— Requirement —
Go to the line that includes "Integrator1/1 -> xt/1" and retype it, then every line after it to the end of the data, adding nothing.

— Records from a collection —
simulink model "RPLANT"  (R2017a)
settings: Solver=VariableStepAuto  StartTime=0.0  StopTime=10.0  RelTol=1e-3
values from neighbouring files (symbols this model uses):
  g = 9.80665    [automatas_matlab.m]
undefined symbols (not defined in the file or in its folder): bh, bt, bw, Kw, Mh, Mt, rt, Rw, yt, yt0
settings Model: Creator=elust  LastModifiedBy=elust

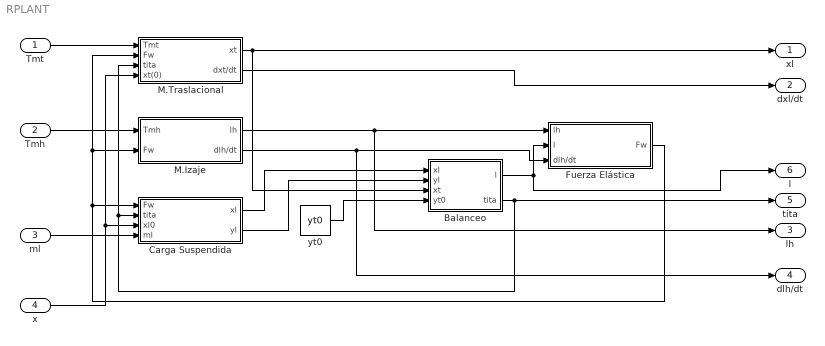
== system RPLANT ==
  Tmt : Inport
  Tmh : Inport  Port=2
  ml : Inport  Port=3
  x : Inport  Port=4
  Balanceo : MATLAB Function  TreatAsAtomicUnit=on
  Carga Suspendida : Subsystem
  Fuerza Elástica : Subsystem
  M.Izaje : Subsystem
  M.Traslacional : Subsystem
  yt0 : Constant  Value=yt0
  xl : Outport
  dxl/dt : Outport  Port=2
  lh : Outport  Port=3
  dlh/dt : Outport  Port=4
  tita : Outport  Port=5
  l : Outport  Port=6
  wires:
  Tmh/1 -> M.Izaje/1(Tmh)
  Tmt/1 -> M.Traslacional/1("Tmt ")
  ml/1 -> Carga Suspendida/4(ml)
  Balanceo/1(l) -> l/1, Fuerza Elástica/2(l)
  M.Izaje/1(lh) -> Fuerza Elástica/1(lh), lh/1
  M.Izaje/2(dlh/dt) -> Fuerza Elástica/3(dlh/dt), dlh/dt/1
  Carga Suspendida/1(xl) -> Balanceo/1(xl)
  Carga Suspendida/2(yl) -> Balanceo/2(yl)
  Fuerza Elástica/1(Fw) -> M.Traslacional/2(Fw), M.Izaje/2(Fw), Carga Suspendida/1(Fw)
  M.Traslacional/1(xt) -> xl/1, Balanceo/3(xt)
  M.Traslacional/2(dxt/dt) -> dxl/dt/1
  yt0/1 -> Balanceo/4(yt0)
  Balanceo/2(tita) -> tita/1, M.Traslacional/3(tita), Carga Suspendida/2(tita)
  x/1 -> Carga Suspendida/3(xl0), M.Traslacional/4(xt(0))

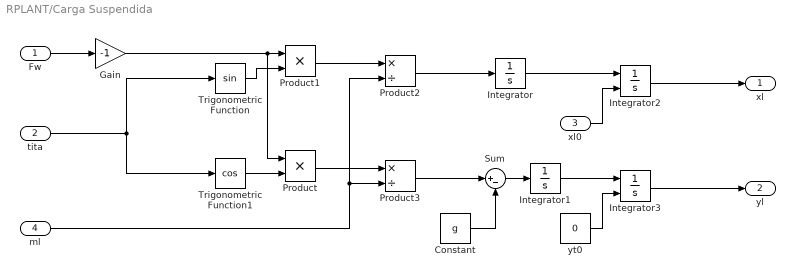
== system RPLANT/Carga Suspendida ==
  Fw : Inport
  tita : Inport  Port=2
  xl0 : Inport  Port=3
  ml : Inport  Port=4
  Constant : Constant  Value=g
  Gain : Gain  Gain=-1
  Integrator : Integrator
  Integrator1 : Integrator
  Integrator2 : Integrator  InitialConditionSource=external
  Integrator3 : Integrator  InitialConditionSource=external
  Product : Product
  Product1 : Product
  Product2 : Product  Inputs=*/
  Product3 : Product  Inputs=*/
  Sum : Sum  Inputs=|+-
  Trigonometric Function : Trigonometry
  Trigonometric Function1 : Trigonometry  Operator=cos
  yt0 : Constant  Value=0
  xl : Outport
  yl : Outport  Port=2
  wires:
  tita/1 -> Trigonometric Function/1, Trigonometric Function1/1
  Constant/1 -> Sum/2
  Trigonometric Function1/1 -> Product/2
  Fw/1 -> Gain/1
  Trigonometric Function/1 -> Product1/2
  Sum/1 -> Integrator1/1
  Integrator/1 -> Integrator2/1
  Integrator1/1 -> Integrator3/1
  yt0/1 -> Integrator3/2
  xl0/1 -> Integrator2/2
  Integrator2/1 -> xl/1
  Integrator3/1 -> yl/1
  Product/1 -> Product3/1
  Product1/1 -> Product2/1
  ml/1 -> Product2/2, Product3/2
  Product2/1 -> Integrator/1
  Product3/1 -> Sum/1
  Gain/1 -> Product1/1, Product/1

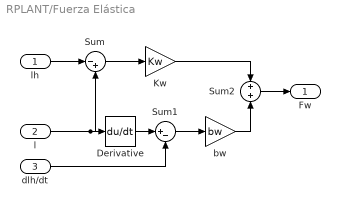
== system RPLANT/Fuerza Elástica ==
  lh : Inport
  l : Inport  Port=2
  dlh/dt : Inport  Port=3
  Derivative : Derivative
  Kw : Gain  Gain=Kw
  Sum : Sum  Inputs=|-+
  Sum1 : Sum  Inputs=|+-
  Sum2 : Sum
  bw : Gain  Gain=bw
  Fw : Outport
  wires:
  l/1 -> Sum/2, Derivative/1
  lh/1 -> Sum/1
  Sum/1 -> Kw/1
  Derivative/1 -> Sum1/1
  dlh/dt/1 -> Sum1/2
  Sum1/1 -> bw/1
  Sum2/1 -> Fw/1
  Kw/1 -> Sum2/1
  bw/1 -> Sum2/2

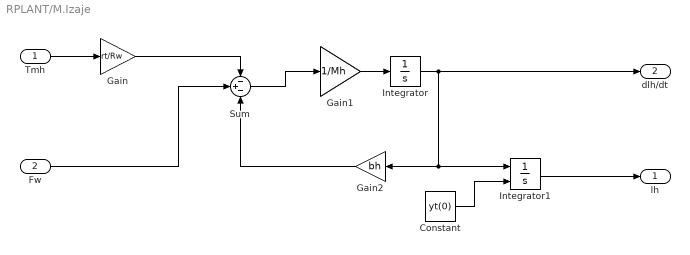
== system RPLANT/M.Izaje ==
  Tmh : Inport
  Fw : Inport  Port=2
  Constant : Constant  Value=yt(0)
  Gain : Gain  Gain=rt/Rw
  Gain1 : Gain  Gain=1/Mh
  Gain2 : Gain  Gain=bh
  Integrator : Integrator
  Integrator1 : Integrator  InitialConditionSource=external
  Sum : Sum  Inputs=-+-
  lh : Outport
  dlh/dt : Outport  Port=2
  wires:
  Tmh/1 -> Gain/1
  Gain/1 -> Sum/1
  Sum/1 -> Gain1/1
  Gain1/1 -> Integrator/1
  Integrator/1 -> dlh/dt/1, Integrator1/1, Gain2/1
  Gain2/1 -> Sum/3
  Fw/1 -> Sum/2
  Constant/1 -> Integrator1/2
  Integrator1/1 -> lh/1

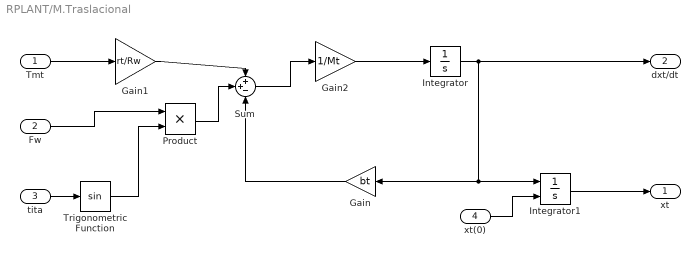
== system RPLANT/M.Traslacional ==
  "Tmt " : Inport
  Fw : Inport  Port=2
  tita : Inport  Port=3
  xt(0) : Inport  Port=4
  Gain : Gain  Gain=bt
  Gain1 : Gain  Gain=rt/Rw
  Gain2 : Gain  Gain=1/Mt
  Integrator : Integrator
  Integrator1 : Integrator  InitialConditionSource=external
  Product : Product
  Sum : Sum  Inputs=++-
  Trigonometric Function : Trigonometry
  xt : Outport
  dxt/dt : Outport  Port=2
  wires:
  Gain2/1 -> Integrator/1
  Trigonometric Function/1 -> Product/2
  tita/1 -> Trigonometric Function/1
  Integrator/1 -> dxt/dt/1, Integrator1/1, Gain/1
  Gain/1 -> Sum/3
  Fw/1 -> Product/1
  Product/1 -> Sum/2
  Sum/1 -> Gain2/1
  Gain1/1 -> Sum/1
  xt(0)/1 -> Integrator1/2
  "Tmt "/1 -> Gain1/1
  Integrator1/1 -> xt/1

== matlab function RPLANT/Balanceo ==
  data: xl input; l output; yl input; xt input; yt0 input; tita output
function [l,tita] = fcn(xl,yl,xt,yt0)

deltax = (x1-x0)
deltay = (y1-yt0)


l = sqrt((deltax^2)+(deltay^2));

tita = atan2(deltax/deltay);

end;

— Answer space —
  Integrator1/1 -> xt/1

== matlab function RPLANT/Balanceo ==
  data: xl input; l output; yl input; xt input; yt0 input; tita output
function [l,tita] = fcn(xl,yl,xt,yt0)

deltax = (x1-x0)
deltay = (y1-yt0)


l = sqrt((deltax^2)+(deltay^2));

tita = atan2(deltax/deltay);

end;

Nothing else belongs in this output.